3.1 LABOUR MARKET FOR RESEARCHERS

3.1.1 Stocks of researchers

As of 2012, the total number of Korea’s researchers was 401,724 which were more than doubled from 2001 when the number of researchers was 178,937. Among them the number of doctoral researchers was 92,543 and the ratio to the total researchers was 23.1%. The number of researchers in firms was 272,175, compared to 188,211 in university and 39,738 in public research institutes. 66.2% (53,947) of doctoral researchers belonged to universities, compared to 18.0% (14,677) in companies and 15.7 % (12,818) in the public research institutes. The number of researchers per 1,000 total employments is 11.1. The total number of researchers per 10,000 populations was 54.0, which was slightly higher than those of advanced countries such as 51.5 in 2009 in Japan, 38 in 2009 in Germany and 41.4 in 2008 in England (NSTC, 2011). The number of foreign doctoral students in Korea has increased to 6.7 % in 2009 from 1.2% in 1998 (OECD, 2011). They mainly have come from India, Vietnam and other the Third world countries in Asia in order to study and take part in a project while studying. Recently, high level of qualified researchers to be hired by universities and GRIS and joined a project as a researcher has increased. However, more doctoral students and post-doctoral scientists have gone abroad, especially to the USA and got jobs as a researcher in universities and private companies.

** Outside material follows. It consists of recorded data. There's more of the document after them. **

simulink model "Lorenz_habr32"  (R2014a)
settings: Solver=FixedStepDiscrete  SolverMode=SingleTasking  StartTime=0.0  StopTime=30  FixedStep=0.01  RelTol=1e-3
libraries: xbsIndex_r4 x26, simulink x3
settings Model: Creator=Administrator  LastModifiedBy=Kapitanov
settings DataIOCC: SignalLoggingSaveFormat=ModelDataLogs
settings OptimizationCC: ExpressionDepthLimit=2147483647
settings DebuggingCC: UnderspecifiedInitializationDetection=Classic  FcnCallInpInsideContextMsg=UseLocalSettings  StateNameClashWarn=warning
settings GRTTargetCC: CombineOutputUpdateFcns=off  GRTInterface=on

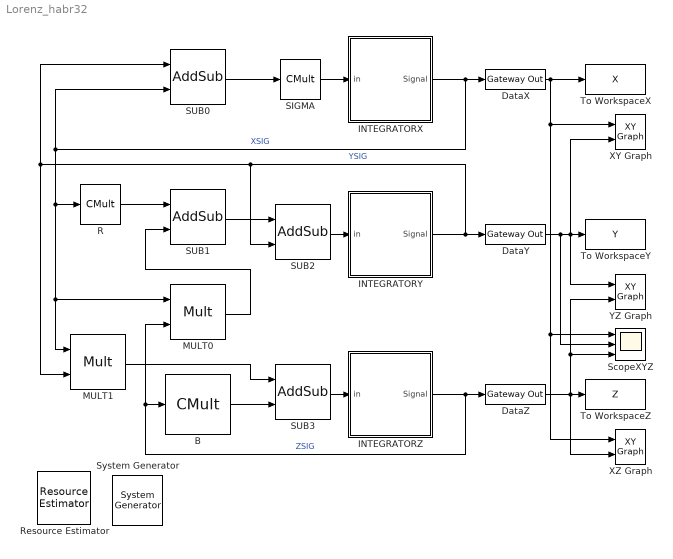
== system Lorenz_habr32 ==
  " System Generator" : xbsIndex_r4/ System Generator  Tag=genX  xilinxfamily=kintex7  part=xc7k325t  speed=-3  package=fbg676  synthesis_tool=XST  clock_wrapper=Clock Enables  directory=./netlist  proj_type=Project Navigator  Synth_file=XST Defaults  Impl_file=ISE Defaults  testbench=off  simulink_period=0.01  sysclk_period=10  dcm_input_clock_period=10  incr_netlist=off  trim_vbits=Everywhere in SubSystem  dbl_ovrd=According to Block Masks  core_generation=According to Block Masks  run_coregen=off  deprecated_control=off  eval_field=0  block_type=sysgen
  B : xbsIndex_r4/CMult  const=8/3  gui_display_data_type=Fixed-point  const_n_bits=32  const_bin_pt=12  float_type=Single  exp_bits=8  fraction_bits=24  en=off  latency=0  precision=User Defined  arith_type="Signed  (2's comp)"  n_bits=64  bin_pt=52  quantization="Round  (unbiased: +/- Inf)"  overflow=Wrap  dbl_ovrd=off  use_behavioral_HDL=off  mem_type=Distributed RAM  pipeline=off  block_type=cmult
  DataX : xbsIndex_r4/Gateway Out  inherit_from_input=off  hdl_port=on  timing_constraint=None  locs_specified=off  LOCs={}  UseAsDAC=off  DACChannel='1'  block_type=gatewayout
  DataY : xbsIndex_r4/Gateway Out  inherit_from_input=off  hdl_port=on  timing_constraint=None  locs_specified=off  LOCs={}  UseAsDAC=off  DACChannel='1'  block_type=gatewayout
  DataZ : xbsIndex_r4/Gateway Out  inherit_from_input=off  hdl_port=on  timing_constraint=None  locs_specified=off  LOCs={}  UseAsDAC=off  DACChannel='1'  block_type=gatewayout
  INTEGRATORX : Subsystem
  INTEGRATORY : Subsystem
  INTEGRATORZ : Subsystem
  MULT0 : xbsIndex_r4/Mult  precision=User Defined  arith_type="Signed  (2's comp)"  n_bits=32  bin_pt=12  quantization=Truncate  overflow=Wrap  en=off  latency=0  dbl_ovrd=off  use_behavioral_HDL=off  opt=Speed  use_embedded=on  optimum_pipeline=off  pipeline=on  use_rpm=on  placement_style=Triangular  block_type=mult
  MULT1 : xbsIndex_r4/Mult  precision=User Defined  arith_type="Signed  (2's comp)"  n_bits=32  bin_pt=12  quantization=Truncate  overflow=Wrap  en=off  latency=0  dbl_ovrd=off  use_behavioral_HDL=off  opt=Speed  use_embedded=on  optimum_pipeline=off  pipeline=on  use_rpm=on  placement_style=Triangular  block_type=mult
  R : xbsIndex_r4/CMult  const=28  gui_display_data_type=Fixed-point  const_n_bits=32  const_bin_pt=12  float_type=Single  exp_bits=8  fraction_bits=24  en=off  latency=0  precision=User Defined  arith_type="Signed  (2's comp)"  n_bits=64  bin_pt=52  quantization="Round  (unbiased: +/- Inf)"  overflow=Wrap  dbl_ovrd=off  use_behavioral_HDL=off  mem_type=Distributed RAM  pipeline=off  block_type=cmult
      settings: block_version=11.1
  Resource Estimator : xbsIndex_r4/Resource Estimator  Tag=resEstTag  Slices=100  FFs=500  BRAMs=20  LUTs=500  IOBs=48  EBMs=10  TBUFs=0  xl_use_estimator_area=off  est_options=Estimate  block_type=resource_estimator
      settings: AttributesFormatString=Resource\nEstimator
  SIGMA : xbsIndex_r4/CMult  const=10  gui_display_data_type=Fixed-point  const_n_bits=32  const_bin_pt=12  float_type=Single  exp_bits=8  fraction_bits=24  en=off  latency=0  precision=User Defined  arith_type="Signed  (2's comp)"  n_bits=64  bin_pt=52  quantization="Round  (unbiased: +/- Inf)"  overflow=Wrap  dbl_ovrd=off  use_behavioral_HDL=off  mem_type=Distributed RAM  pipeline=off  block_type=cmult
      settings: block_version=11.1
  SUB{0..3} (4 alike) : xbsIndex_r4/AddSub  mode=Subtraction  use_carryin=off  use_carryout=off  en=off  latency=0  precision=User Defined  arith_type="Signed  (2's comp)"  n_bits=32  bin_pt=12  quantization="Round  (unbiased: +/- Inf)"  overflow=Wrap  dbl_ovrd=off  use_behavioral_HDL=off  hw_selection=Fabric  pipelined=off  block_type=addsub
      settings: block_version=11.1
  ScopeXYZ : Scope  NumInputPorts=3
      settings: Description=XYZ in time  TimeRange=50  YMin=-20~-25~5  YMax=20~25~50  SampleInput=on
  To WorkspaceX : ToWorkspace  VariableName=X  SampleTime=0.01
  To WorkspaceY : ToWorkspace  VariableName=Y  SampleTime=0.01
  To WorkspaceZ : ToWorkspace  VariableName=Z  SampleTime=0.01
  XY Graph : simulink/Sinks/XY Graph  xmin=-30  xmax=30  ymin=-30  ymax=30  st=-1
  XZ Graph : simulink/Sinks/XY Graph  xmin=-30  xmax=30  ymin=0  ymax=60  st=-1
  YZ Graph : simulink/Sinks/XY Graph  xmin=-30  xmax=30  ymin=0  ymax=60  st=-1
  wires:
  SIGMA/1 -> INTEGRATORX/1(in)
  INTEGRATORX/1(Signal) -> MULT0/1, MULT1/1, R/1, SUB0/2, DataX/1  "XSIG"
  SUB0/1 -> SIGMA/1
  R/1 -> SUB1/1
  INTEGRATORY/1(Signal) -> MULT1/2, SUB0/1, SUB2/2, DataY/1  "YSIG"
  SUB1/1 -> SUB2/1
  SUB2/1 -> INTEGRATORY/1(in)
  MULT0/1 -> SUB1/2
  INTEGRATORZ/1(Signal) -> MULT0/2, B/1, DataZ/1  "ZSIG"
  SUB3/1 -> INTEGRATORZ/1(in)
  MULT1/1 -> SUB3/1
  B/1 -> SUB3/2
  DataX/1 -> XY Graph/1, ScopeXYZ/1, XZ Graph/1, To WorkspaceX/1
  DataY/1 -> XY Graph/2, To WorkspaceY/1, YZ Graph/1, ScopeXYZ/2
  DataZ/1 -> To WorkspaceZ/1, XZ Graph/2, YZ Graph/2, ScopeXYZ/3

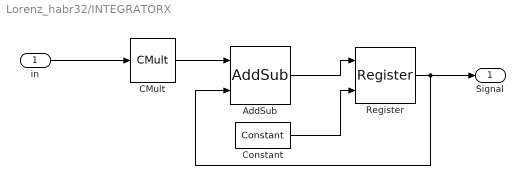
== system Lorenz_habr32/INTEGRATORX ==
  in : Inport  SampleTime=0.01
  AddSub : xbsIndex_r4/AddSub  mode=Addition  use_carryin=off  use_carryout=off  en=off  latency=0  precision=User Defined  arith_type="Signed  (2's comp)"  n_bits=32  bin_pt=12  quantization="Round  (unbiased: +/- Inf)"  overflow=Wrap  dbl_ovrd=off  use_behavioral_HDL=off  hw_selection=Fabric  pipelined=off  block_type=addsub
  CMult : xbsIndex_r4/CMult  const=1/100  gui_display_data_type=Fixed-point  const_n_bits=32  const_bin_pt=12  float_type=Single  exp_bits=8  fraction_bits=24  en=off  latency=0  precision=User Defined  arith_type="Signed  (2's comp)"  n_bits=64  bin_pt=52  quantization="Round  (unbiased: +/- Inf)"  overflow=Wrap  dbl_ovrd=off  use_behavioral_HDL=off  mem_type=Distributed RAM  pipeline=off  block_type=cmult
      settings: block_version=11.1
  Constant : xbsIndex_r4/Constant  const=0  gui_display_data_type=Fixed-point  arith_type=Boolean  n_bits=32  bin_pt=14  preci_type=Single  exp_width=8  frac_width=24  explicit_period=on  period=0.01  equ=P=C  opselect=C  inp2=PCIN>>17  opr=+  inp1=P  carry=CIN  dbl_ovrd=off  block_type=constant
      settings: block_version=11.1
  Register : xbsIndex_r4/Register  init=10  rst=on  en=off  dbl_ovrd=off  block_type=register
      settings: block_version=11.1
  Signal : Outport  SampleTime=0.01
  wires:
  AddSub/1 -> Register/1
  Register/1 -> Signal/1, AddSub/2
  CMult/1 -> AddSub/1
  in/1 -> CMult/1
  Constant/1 -> Register/2

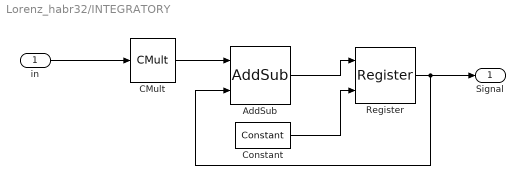
== system Lorenz_habr32/INTEGRATORY ==
  in : Inport  SampleTime=0.01
  AddSub : xbsIndex_r4/AddSub  mode=Addition  use_carryin=off  use_carryout=off  en=off  latency=0  precision=User Defined  arith_type="Signed  (2's comp)"  n_bits=32  bin_pt=12  quantization="Round  (unbiased: +/- Inf)"  overflow=Wrap  dbl_ovrd=off  use_behavioral_HDL=off  hw_selection=Fabric  pipelined=off  block_type=addsub
  CMult : xbsIndex_r4/CMult  const=1/100  gui_display_data_type=Fixed-point  const_n_bits=32  const_bin_pt=12  float_type=Single  exp_bits=8  fraction_bits=24  en=off  latency=0  precision=User Defined  arith_type="Signed  (2's comp)"  n_bits=64  bin_pt=52  quantization="Round  (unbiased: +/- Inf)"  overflow=Wrap  dbl_ovrd=off  use_behavioral_HDL=off  mem_type=Distributed RAM  pipeline=off  block_type=cmult
      settings: block_version=11.1
  Constant : xbsIndex_r4/Constant  const=0  gui_display_data_type=Fixed-point  arith_type=Boolean  n_bits=32  bin_pt=14  preci_type=Single  exp_width=8  frac_width=24  explicit_period=on  period=0.01  equ=P=C  opselect=C  inp2=PCIN>>17  opr=+  inp1=P  carry=CIN  dbl_ovrd=off  block_type=constant
      settings: block_version=11.1
  Register : xbsIndex_r4/Register  init=10  rst=on  en=off  dbl_ovrd=off  block_type=register
      settings: block_version=11.1
  Signal : Outport  SampleTime=0.01
  wires:
  AddSub/1 -> Register/1
  Register/1 -> Signal/1, AddSub/2
  CMult/1 -> AddSub/1
  in/1 -> CMult/1
  Constant/1 -> Register/2

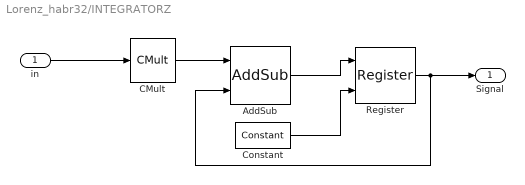
== system Lorenz_habr32/INTEGRATORZ ==
  in : Inport  SampleTime=0.01
  AddSub : xbsIndex_r4/AddSub  mode=Addition  use_carryin=off  use_carryout=off  en=off  latency=0  precision=User Defined  arith_type="Signed  (2's comp)"  n_bits=32  bin_pt=12  quantization="Round  (unbiased: +/- Inf)"  overflow=Wrap  dbl_ovrd=off  use_behavioral_HDL=off  hw_selection=Fabric  pipelined=off  block_type=addsub
  CMult : xbsIndex_r4/CMult  const=1/100  gui_display_data_type=Fixed-point  const_n_bits=32  const_bin_pt=12  float_type=Single  exp_bits=8  fraction_bits=24  en=off  latency=0  precision=User Defined  arith_type="Signed  (2's comp)"  n_bits=64  bin_pt=52  quantization="Round  (unbiased: +/- Inf)"  overflow=Wrap  dbl_ovrd=off  use_behavioral_HDL=off  mem_type=Distributed RAM  pipeline=off  block_type=cmult
      settings: block_version=11.1
  Constant : xbsIndex_r4/Constant  const=0  gui_display_data_type=Boolean  arith_type=Boolean  n_bits=32  bin_pt=14  preci_type=Single  exp_width=8  frac_width=24  explicit_period=on  period=0.01  equ=P=C  opselect=C  inp2=PCIN>>17  opr=+  inp1=P  carry=CIN  dbl_ovrd=off  block_type=constant
      settings: block_version=11.1
  Register : xbsIndex_r4/Register  init=10  rst=on  en=off  dbl_ovrd=off  block_type=register
      settings: block_version=11.1
  Signal : Outport  SampleTime=0.01
  wires:
  AddSub/1 -> Register/1
  Register/1 -> Signal/1, AddSub/2
  CMult/1 -> AddSub/1
  in/1 -> CMult/1
  Constant/1 -> Register/2

According to IMD in 2011, Korea’ brain drain index was 3.68, 44th in the world. The outflow versus inflow rate of high caliber S&T human resources is 11.68, which is the second largest amongst the OECD member countries. Such kind of unbalanced ratio between outflow and inflow of the HRST is a serious matter. The total number of researchers including Bachelors and Masters for carrying out both national and private R&D is not low. However, the doctoral researchers and high calibre scientists to advance scientific knowledge and original technology especially in the field of fusion technology and fundamental research are not sufficient.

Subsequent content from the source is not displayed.